The first step in a transcriptomic experiment is to obtain the RNA. After isolating total RNA from cells, one can directly sequence it. Nonetheless, the majority of the RNA in a cell is ribosomal RNA, which may need to be removed using specific kits. Moreover, total RNA also contains unprocessed immature transcripts and RNA targeted for degradation (at different stages of processing).
Therefore, unless one is interested in non-coding RNAs or other aspects related to transcription, it is usually better to apply protocols that extract the mature mRNAs (usually through the PolyA tails). Since most people are interested in coding-genes, it is more common to use mRNA-specific protocols.
Some protocols can also keep strand information. In this case, the reads have the same (or the reverse) strand as the transcribed RNA. This is particularly relevant when sequencing total RNA, noticeably to distinguish real transcripts from transcriptional activity resulting from stalled promoters or enhancers. It can also be useful to distinguish between overlapping genes.

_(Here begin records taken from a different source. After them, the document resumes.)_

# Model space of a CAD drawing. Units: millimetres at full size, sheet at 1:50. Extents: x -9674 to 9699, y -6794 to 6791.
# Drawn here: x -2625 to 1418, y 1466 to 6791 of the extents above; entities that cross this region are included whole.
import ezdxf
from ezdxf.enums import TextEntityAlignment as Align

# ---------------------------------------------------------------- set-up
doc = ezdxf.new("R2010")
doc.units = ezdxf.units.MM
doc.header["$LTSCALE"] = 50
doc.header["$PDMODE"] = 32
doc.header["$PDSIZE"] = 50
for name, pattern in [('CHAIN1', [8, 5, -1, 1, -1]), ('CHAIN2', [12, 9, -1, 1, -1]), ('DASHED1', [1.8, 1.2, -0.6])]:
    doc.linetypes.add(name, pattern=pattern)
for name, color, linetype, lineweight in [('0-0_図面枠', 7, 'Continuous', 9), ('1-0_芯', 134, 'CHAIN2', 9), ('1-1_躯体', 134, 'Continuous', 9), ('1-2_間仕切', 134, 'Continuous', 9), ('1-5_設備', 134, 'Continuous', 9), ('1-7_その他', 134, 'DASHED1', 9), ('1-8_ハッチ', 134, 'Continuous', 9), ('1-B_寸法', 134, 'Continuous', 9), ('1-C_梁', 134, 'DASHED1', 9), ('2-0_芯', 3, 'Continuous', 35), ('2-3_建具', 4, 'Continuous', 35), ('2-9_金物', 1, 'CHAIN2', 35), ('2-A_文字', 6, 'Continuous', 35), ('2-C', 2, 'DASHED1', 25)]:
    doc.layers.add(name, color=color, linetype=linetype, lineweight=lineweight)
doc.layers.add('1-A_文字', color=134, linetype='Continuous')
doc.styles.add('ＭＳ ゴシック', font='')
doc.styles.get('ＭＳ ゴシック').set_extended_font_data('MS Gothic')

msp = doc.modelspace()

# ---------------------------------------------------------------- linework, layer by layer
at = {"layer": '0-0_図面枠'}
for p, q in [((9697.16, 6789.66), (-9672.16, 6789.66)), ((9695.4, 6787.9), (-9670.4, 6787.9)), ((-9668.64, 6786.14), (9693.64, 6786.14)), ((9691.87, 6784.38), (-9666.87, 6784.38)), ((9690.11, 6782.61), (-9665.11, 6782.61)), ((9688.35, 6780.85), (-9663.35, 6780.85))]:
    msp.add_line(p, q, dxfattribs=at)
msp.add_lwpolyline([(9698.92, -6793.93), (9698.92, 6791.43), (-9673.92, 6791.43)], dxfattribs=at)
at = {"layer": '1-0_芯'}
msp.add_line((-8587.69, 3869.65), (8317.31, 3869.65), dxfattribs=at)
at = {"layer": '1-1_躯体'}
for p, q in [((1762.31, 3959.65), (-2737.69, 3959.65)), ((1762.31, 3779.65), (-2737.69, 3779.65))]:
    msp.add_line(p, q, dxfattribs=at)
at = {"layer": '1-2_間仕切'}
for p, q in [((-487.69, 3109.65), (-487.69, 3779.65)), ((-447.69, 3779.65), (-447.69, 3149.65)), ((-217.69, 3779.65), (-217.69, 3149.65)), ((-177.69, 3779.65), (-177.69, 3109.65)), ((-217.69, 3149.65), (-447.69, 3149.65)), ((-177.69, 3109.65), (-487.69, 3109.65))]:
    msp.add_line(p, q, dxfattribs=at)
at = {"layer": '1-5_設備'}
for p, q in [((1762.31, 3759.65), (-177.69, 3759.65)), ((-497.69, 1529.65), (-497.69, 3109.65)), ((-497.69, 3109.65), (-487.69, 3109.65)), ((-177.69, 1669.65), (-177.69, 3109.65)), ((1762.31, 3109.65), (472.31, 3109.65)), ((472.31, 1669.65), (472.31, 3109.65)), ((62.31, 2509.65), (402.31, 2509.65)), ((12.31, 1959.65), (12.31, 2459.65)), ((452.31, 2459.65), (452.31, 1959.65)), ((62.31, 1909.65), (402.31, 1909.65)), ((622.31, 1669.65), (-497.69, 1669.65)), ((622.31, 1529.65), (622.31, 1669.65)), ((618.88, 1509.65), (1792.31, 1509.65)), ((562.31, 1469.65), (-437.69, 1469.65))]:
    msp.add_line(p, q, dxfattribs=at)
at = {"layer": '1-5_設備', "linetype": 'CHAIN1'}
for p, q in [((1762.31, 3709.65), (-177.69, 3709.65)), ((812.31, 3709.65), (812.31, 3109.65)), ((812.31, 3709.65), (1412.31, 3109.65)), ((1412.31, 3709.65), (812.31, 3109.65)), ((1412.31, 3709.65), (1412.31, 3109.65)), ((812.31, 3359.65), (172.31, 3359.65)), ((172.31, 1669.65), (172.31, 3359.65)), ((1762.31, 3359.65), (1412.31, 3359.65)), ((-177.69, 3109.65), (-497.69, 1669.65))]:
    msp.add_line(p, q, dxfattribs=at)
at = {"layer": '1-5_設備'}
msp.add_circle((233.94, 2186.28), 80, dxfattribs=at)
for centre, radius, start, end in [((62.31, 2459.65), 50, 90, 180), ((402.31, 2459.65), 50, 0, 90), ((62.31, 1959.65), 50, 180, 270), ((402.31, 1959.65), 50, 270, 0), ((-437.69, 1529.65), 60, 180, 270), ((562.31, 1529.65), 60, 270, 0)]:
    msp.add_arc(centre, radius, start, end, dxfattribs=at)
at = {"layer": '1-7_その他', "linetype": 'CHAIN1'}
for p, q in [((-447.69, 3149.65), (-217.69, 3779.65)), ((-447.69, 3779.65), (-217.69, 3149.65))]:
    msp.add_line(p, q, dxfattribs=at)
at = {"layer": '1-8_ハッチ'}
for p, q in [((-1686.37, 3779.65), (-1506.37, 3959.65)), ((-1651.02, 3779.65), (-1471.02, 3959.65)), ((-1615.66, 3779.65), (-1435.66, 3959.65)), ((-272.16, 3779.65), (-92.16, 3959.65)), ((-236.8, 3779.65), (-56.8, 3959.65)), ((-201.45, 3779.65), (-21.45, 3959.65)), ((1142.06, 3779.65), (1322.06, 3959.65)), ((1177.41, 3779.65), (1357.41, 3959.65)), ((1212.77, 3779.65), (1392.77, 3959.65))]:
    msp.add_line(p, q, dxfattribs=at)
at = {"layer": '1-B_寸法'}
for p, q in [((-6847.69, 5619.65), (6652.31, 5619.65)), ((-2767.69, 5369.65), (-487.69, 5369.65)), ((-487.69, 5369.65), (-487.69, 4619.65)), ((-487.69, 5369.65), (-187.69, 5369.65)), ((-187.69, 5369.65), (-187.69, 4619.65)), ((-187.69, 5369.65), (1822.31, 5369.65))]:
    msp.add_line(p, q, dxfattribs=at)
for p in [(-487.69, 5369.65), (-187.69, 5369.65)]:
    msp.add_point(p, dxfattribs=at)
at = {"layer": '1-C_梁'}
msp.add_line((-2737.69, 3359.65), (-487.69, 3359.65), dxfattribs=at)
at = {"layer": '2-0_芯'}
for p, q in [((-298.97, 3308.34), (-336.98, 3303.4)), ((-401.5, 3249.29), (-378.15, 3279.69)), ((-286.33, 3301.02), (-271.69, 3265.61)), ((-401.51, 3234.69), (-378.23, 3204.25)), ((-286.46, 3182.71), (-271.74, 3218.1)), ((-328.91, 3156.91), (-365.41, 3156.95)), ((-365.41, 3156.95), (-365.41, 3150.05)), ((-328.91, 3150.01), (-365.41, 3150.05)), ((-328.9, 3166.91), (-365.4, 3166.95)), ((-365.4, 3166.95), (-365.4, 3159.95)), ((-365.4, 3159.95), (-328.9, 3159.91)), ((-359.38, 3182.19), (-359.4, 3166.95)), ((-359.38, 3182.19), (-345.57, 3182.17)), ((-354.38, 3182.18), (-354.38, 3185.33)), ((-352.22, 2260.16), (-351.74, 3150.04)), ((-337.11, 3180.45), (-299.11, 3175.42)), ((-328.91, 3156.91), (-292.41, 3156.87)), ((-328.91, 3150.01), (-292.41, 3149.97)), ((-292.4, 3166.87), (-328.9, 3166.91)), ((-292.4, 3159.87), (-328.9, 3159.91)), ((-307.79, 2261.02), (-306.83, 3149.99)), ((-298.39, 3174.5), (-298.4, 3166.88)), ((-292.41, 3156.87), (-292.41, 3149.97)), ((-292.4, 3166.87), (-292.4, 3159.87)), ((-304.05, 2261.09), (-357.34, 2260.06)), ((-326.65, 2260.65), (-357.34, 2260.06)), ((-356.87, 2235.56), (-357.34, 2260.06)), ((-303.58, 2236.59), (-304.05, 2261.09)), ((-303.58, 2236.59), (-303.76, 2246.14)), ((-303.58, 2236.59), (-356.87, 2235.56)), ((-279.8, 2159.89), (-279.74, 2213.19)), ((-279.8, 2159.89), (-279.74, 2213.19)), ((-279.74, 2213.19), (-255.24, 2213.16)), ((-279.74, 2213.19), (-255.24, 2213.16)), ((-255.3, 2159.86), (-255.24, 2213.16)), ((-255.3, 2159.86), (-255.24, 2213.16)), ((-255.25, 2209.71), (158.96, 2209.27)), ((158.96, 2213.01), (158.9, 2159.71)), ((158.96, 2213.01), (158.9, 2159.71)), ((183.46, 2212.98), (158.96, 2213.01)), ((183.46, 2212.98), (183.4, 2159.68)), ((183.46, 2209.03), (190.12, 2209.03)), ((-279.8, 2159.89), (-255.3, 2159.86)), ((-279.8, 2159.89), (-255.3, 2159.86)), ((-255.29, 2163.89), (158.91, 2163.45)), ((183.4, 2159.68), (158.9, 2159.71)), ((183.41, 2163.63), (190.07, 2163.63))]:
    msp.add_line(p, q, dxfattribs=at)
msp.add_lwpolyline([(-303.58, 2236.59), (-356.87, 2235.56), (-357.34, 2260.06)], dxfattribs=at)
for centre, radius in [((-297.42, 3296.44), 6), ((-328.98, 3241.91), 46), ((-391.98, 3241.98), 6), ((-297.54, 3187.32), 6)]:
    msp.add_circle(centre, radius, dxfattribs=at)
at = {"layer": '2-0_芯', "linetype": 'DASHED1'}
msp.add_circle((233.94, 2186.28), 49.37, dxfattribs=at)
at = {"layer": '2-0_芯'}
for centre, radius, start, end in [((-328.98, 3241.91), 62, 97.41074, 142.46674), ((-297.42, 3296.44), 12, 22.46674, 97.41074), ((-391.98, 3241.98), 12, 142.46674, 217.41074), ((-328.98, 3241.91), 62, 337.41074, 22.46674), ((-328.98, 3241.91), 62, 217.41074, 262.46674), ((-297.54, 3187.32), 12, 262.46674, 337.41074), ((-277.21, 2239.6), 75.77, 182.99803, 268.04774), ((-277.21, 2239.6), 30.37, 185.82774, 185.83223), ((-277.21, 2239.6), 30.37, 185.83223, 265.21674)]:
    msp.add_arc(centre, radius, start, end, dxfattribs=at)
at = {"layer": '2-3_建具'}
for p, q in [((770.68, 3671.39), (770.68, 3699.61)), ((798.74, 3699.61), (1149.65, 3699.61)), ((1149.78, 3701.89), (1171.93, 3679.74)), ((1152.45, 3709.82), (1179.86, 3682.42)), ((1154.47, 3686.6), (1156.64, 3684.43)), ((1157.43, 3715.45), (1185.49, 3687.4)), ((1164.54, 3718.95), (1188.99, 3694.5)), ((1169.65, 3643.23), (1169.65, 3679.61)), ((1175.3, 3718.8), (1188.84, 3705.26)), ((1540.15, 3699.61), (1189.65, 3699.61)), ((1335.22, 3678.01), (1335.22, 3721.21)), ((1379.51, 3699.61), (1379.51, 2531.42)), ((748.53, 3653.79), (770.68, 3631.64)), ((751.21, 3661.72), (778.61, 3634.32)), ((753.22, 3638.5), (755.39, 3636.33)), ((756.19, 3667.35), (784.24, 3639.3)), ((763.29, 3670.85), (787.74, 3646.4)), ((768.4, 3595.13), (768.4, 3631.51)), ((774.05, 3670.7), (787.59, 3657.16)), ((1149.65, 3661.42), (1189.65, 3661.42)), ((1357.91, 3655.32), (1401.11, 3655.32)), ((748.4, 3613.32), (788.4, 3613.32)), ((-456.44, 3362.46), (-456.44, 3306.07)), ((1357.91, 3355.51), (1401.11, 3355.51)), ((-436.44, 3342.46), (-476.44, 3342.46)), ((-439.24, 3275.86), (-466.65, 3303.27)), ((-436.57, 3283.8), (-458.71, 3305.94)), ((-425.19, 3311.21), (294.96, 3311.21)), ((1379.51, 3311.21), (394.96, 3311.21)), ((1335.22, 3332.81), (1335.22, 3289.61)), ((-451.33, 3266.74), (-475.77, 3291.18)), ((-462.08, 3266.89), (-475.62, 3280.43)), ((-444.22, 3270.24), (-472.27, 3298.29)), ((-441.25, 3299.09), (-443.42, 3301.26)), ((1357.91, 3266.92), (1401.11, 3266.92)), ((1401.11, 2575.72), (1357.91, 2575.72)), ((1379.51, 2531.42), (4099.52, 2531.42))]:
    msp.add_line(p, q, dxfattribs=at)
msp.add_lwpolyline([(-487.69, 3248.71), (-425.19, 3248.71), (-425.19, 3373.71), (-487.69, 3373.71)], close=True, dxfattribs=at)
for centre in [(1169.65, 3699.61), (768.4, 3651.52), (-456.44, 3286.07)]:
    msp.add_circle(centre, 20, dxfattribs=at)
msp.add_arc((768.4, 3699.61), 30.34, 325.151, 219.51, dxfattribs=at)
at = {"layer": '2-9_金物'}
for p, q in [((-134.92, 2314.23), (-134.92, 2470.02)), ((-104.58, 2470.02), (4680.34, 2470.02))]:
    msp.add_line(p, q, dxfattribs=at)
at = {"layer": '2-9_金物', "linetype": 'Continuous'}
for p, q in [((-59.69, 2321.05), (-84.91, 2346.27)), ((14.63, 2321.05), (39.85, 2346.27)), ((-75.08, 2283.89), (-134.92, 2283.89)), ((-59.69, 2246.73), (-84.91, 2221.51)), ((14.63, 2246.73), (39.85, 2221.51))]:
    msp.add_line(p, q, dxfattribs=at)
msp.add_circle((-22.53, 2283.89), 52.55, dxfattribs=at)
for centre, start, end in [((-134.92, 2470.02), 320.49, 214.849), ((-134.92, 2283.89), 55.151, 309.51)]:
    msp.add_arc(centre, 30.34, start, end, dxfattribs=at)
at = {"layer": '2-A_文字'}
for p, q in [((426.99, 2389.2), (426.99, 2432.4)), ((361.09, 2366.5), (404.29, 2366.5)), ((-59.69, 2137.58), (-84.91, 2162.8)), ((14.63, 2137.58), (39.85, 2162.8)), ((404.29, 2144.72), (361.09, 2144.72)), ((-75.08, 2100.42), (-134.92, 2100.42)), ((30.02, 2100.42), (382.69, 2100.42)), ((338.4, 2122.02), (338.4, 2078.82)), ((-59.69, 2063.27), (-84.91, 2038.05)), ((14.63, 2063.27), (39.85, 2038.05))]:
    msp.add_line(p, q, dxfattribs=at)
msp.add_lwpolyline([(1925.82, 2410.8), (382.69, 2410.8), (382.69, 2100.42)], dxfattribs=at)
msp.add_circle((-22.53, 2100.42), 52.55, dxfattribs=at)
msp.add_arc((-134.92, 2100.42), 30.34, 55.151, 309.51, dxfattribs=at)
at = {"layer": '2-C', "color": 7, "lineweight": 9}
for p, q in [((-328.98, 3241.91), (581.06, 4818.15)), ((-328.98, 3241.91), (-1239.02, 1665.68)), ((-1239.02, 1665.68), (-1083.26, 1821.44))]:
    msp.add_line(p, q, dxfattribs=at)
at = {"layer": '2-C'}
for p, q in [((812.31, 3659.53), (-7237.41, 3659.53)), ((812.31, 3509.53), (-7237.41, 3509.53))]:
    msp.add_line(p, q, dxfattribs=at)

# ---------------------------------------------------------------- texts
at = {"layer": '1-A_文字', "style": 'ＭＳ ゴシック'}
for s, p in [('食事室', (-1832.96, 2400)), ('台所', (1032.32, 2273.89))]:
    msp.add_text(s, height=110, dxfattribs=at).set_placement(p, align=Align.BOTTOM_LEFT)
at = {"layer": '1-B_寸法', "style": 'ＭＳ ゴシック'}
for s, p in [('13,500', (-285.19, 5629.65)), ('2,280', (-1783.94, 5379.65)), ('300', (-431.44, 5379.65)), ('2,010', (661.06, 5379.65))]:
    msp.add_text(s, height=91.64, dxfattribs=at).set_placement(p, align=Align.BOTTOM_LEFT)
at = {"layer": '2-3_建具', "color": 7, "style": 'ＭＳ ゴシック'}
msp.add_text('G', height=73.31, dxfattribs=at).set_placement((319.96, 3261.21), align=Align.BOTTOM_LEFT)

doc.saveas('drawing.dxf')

Finally, we also need to consider the amount of material available. Are we dealing with samples with a lot of RNA (eg. cell cultures), or short amounts (eg. small tissue samples, single-cell) that are prone to amplification artifacts and presence of contaminant sequences?
Designing your experiment for differential expression using RNAseq.
Longer read length, paired-end sequencing and strand-specific library preparation are particularly relevant to reveal gene structure. For example, on a non-model organism for which there is no genome sequenced, or the genes are poorly annotated. They are also relevant when alternative splicing is a factor to take into consideration. Discovering gene structure is a complex process and it would be the subject of an entire course on its own.
For this course, we will focus on the analysis of differential gene expression between conditions, on organisms for which gene annotation is available. Under these conditions, long reads, paired-end, and stranded library preparation methods are not as important. Therefore, for this type of experiments, we can safely go for the cheaper single-end sequencing and shorter read lengths (eg. 50bp or 76bp).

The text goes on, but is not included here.